I just came back from Thailand ( Phuket Island ) after spending the summer there with an uncle. My uncle knew a retired MT fighter so I got some personal training from him for about 2 weeks  I guess I didn't get the same feeling and atmosphere from training in a camp but I still enjoyed myself and learnt how different the Thai's training regime is from some of the western MT training regime. The guy who was teaching me really gave me a hard time but well i guess it has helped me improve in MT.


----------



## Damian Mavis (Sep 9, 2002)

Excellent, sounds like fun!

Damian Mavis
Honour TKD


----------



## MartialArtist (Sep 10, 2002)

> _Originally posted by adrenaline _
> 
> *I just came back from Thailand ( Phuket Island ) after spending the summer there with an uncle. My uncle knew a retired MT fighter so I got some personal training from him for about 2 weeks  I guess I didn't get the same feeling and atmosphere from training in a camp but I still enjoyed myself and learnt how different the Thai's training regime is from some of the western MT training regime. The guy who was teaching me really gave me a hard time but well i guess it has helped me improve in MT. *


hard time?  I was beat with a stick, how bout you?  

Glad you trained in Thailand.  IMO, learning it from the country they're noted with is the best thing you can do to advance yourself.  The atmosphere is all around you.


----------



## Damian Mavis (Sep 10, 2002)

Hey Martial artist, tell us about your training in Thailand!  I'm going down to train at the Fairtex camp and another camp for a few weeks in December/ January.  I'd love to hear about your experience so I know what to look forward to.

Damian Mavis
Honour TKD


----------



## J-kid (Sep 12, 2002)

I am also thinking of going to thialand to train at fairtex camp ,. Please  tell me about your training


----------



## MartialArtist (Sep 13, 2002)

In Thailand, I trained at a group that practiced in a stadium called Raja-danern or something like that.  It wasn't extensive private training like I got in Korea, but what was interesting was that it was also kinda a stadium and there would be lots of sport style muay thai.

A typical non-regular student schedule would have three hours of training.

One hour was for the basics.  Shield drills, etc.  The next 30-60 minutes would be technique and the next hour would be sparring and conditioning right after sparring.

I didn't have experience with a regular trainer, but they would practice from morning to 3, take a short break of an hour or two, and come back for conditioning like running, shin conditioning, jumping, etc.


----------



## adrenaline (Sep 15, 2002)

The guy who was teaching me, who was about 35 years old, was an retired MT fighter so basically the methods that he was taught he was teaching me and the type of training that he was given he did the same to me, and believe me it was hard!

In the morning, we would go for a light jog up and down a small beach.

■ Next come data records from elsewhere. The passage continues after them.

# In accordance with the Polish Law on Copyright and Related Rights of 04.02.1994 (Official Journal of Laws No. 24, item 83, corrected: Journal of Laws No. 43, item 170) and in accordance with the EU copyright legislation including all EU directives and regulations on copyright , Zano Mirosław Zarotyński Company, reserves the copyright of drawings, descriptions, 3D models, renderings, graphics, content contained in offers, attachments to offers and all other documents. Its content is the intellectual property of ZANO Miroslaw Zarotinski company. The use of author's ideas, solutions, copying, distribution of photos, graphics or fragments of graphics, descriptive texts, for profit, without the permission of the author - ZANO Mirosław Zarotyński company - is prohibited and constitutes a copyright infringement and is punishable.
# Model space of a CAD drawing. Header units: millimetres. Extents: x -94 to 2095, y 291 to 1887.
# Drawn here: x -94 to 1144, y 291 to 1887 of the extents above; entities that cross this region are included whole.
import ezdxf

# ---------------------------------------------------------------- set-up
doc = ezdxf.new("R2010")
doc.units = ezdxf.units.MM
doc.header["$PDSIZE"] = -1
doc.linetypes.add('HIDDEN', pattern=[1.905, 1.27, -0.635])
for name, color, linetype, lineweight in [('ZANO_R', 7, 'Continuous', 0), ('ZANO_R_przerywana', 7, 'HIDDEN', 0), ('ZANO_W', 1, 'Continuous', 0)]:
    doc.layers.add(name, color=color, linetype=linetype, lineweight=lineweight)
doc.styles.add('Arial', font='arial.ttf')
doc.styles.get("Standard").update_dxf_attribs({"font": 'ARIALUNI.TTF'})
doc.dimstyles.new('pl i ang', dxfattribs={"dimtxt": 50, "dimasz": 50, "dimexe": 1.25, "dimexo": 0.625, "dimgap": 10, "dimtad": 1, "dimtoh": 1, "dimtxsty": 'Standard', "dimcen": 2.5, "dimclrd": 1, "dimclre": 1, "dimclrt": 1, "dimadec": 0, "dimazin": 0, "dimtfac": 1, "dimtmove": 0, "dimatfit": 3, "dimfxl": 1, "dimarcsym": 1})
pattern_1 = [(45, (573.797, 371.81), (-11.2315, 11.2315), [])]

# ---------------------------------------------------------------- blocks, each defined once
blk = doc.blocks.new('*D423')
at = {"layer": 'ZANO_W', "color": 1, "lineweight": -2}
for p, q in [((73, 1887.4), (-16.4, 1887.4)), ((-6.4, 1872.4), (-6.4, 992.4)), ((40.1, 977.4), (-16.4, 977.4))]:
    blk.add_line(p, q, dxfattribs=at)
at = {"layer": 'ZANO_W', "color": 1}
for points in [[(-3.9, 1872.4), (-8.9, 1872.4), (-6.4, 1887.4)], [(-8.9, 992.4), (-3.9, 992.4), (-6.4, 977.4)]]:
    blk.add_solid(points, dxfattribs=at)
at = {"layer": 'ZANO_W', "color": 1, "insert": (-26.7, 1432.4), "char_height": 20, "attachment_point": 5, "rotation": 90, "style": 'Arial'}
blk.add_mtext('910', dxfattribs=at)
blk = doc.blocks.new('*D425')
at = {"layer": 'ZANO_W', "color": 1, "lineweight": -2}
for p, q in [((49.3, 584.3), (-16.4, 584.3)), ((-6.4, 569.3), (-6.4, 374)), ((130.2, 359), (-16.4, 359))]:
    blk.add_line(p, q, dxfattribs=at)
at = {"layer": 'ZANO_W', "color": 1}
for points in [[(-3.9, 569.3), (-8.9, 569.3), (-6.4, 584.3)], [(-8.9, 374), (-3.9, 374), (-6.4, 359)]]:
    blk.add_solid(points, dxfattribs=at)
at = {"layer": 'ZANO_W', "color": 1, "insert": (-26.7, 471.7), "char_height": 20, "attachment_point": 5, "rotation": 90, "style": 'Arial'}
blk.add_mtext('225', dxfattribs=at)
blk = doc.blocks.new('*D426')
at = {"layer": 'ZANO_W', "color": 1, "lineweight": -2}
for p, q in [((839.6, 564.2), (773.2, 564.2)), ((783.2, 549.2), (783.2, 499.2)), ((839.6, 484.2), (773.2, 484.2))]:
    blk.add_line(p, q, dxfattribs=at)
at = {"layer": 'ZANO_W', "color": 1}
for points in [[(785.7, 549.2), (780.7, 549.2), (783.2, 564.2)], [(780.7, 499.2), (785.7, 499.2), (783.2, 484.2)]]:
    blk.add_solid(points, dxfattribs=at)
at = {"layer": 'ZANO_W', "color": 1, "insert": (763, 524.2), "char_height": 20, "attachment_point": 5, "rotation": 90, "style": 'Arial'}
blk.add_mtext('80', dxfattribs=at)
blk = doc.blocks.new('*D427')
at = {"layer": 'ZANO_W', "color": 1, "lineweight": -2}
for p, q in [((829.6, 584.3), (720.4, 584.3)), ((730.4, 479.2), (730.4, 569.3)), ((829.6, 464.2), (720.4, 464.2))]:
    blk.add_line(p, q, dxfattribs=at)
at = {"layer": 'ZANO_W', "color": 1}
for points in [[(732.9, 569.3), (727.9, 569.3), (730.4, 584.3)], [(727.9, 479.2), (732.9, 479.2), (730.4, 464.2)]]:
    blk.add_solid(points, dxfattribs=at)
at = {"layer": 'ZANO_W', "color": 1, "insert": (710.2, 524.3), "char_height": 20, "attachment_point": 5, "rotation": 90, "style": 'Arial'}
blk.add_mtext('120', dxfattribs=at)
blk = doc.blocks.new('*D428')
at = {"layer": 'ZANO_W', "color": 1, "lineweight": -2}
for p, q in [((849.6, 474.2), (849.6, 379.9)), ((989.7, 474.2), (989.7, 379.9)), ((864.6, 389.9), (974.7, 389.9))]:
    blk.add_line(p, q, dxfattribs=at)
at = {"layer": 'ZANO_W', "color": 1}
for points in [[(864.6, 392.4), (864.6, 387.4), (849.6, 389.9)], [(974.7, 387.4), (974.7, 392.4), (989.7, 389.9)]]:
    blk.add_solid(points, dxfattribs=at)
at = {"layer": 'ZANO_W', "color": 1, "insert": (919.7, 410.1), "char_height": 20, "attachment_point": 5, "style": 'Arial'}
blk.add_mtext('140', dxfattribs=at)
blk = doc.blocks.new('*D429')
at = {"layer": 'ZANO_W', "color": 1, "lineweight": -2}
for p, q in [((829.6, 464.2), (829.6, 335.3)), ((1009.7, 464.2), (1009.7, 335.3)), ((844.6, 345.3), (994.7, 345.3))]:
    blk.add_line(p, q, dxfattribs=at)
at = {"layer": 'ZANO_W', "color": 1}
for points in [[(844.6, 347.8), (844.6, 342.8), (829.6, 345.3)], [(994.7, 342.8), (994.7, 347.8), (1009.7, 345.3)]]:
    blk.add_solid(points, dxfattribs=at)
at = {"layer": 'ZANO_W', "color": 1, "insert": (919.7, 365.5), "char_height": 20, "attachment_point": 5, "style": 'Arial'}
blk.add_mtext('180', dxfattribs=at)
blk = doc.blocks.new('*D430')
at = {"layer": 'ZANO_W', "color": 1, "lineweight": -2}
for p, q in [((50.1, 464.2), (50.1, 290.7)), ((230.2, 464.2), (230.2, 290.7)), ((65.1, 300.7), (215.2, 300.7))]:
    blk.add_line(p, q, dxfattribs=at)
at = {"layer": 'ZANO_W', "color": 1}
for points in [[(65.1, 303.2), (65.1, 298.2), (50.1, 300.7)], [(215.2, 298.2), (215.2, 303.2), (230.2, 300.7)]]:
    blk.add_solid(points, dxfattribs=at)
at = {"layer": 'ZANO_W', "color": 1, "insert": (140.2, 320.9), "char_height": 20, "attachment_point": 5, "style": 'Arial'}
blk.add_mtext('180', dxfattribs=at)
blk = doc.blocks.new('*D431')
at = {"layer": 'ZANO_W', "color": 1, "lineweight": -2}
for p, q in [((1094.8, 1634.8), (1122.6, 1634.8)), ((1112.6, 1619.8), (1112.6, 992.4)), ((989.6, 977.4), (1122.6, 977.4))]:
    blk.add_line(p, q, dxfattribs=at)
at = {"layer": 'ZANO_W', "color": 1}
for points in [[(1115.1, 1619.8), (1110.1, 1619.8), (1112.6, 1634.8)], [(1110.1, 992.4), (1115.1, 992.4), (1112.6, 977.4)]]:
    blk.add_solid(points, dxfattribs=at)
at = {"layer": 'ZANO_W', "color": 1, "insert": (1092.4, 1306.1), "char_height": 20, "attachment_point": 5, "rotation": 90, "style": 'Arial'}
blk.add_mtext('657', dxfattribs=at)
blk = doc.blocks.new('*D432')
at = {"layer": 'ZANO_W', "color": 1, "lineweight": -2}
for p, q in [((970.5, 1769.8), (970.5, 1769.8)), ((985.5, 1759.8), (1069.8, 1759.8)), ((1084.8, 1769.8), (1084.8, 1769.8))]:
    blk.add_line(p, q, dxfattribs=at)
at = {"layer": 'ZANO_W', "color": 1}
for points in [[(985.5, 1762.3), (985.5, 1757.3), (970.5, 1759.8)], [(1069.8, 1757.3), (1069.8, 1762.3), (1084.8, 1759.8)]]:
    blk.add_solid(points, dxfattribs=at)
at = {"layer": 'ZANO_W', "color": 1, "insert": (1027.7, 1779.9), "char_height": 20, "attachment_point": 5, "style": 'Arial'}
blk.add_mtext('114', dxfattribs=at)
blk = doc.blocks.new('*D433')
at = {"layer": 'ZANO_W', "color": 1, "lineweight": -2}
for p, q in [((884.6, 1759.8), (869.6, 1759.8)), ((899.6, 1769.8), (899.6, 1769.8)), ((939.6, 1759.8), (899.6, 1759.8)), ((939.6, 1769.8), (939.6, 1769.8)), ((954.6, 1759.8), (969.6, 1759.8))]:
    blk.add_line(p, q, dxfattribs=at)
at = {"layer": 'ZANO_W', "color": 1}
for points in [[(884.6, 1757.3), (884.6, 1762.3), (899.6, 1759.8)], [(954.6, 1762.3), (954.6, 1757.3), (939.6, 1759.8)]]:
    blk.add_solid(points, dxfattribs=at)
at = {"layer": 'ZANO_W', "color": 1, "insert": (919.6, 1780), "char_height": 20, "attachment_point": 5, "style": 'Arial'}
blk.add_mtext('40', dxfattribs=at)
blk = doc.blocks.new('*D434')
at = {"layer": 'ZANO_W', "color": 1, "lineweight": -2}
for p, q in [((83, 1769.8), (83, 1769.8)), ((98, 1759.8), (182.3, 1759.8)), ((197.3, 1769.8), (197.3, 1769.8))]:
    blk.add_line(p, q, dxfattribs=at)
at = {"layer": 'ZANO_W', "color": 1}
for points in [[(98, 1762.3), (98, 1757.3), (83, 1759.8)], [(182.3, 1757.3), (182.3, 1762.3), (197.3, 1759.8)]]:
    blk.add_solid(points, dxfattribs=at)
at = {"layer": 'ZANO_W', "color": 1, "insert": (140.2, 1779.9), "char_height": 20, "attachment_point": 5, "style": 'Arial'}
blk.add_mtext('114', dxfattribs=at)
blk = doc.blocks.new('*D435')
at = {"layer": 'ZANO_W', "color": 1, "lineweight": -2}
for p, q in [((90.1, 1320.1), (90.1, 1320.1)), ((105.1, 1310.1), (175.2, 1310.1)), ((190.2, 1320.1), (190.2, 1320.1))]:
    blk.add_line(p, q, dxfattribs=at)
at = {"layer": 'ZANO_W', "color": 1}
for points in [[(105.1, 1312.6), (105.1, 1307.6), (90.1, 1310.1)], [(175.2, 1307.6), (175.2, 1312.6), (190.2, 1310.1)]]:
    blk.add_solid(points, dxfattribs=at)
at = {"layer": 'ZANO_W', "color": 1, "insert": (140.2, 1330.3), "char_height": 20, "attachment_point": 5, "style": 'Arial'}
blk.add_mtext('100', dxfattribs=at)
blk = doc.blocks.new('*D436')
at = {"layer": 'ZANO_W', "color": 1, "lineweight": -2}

We would go back and forth about 4 times to get started. The I would be given a slight break. Then it was to the pads. We would so sets of 20 on each combination, that means 20 for the right hand/kick 20 for the left. Since we didnt have a ring, i was taught various ring strategies by placing bottles on each corner to get the idea of the area of the ring. The thai's will try to sneak in small tricks when they can. lol. For example, when in the clinch, he would try to place his glove over my mouth and nose and therefore stop me gaining oxygen. I don't know if any of you any others but there many more. We would finish then the day at about 3 pm since we started at about 10am. The personal training does help as you get more attention from the teacher and every mistake you make is notice where as in a camp the Khru can't exactly keep his eye on every student at the same time. 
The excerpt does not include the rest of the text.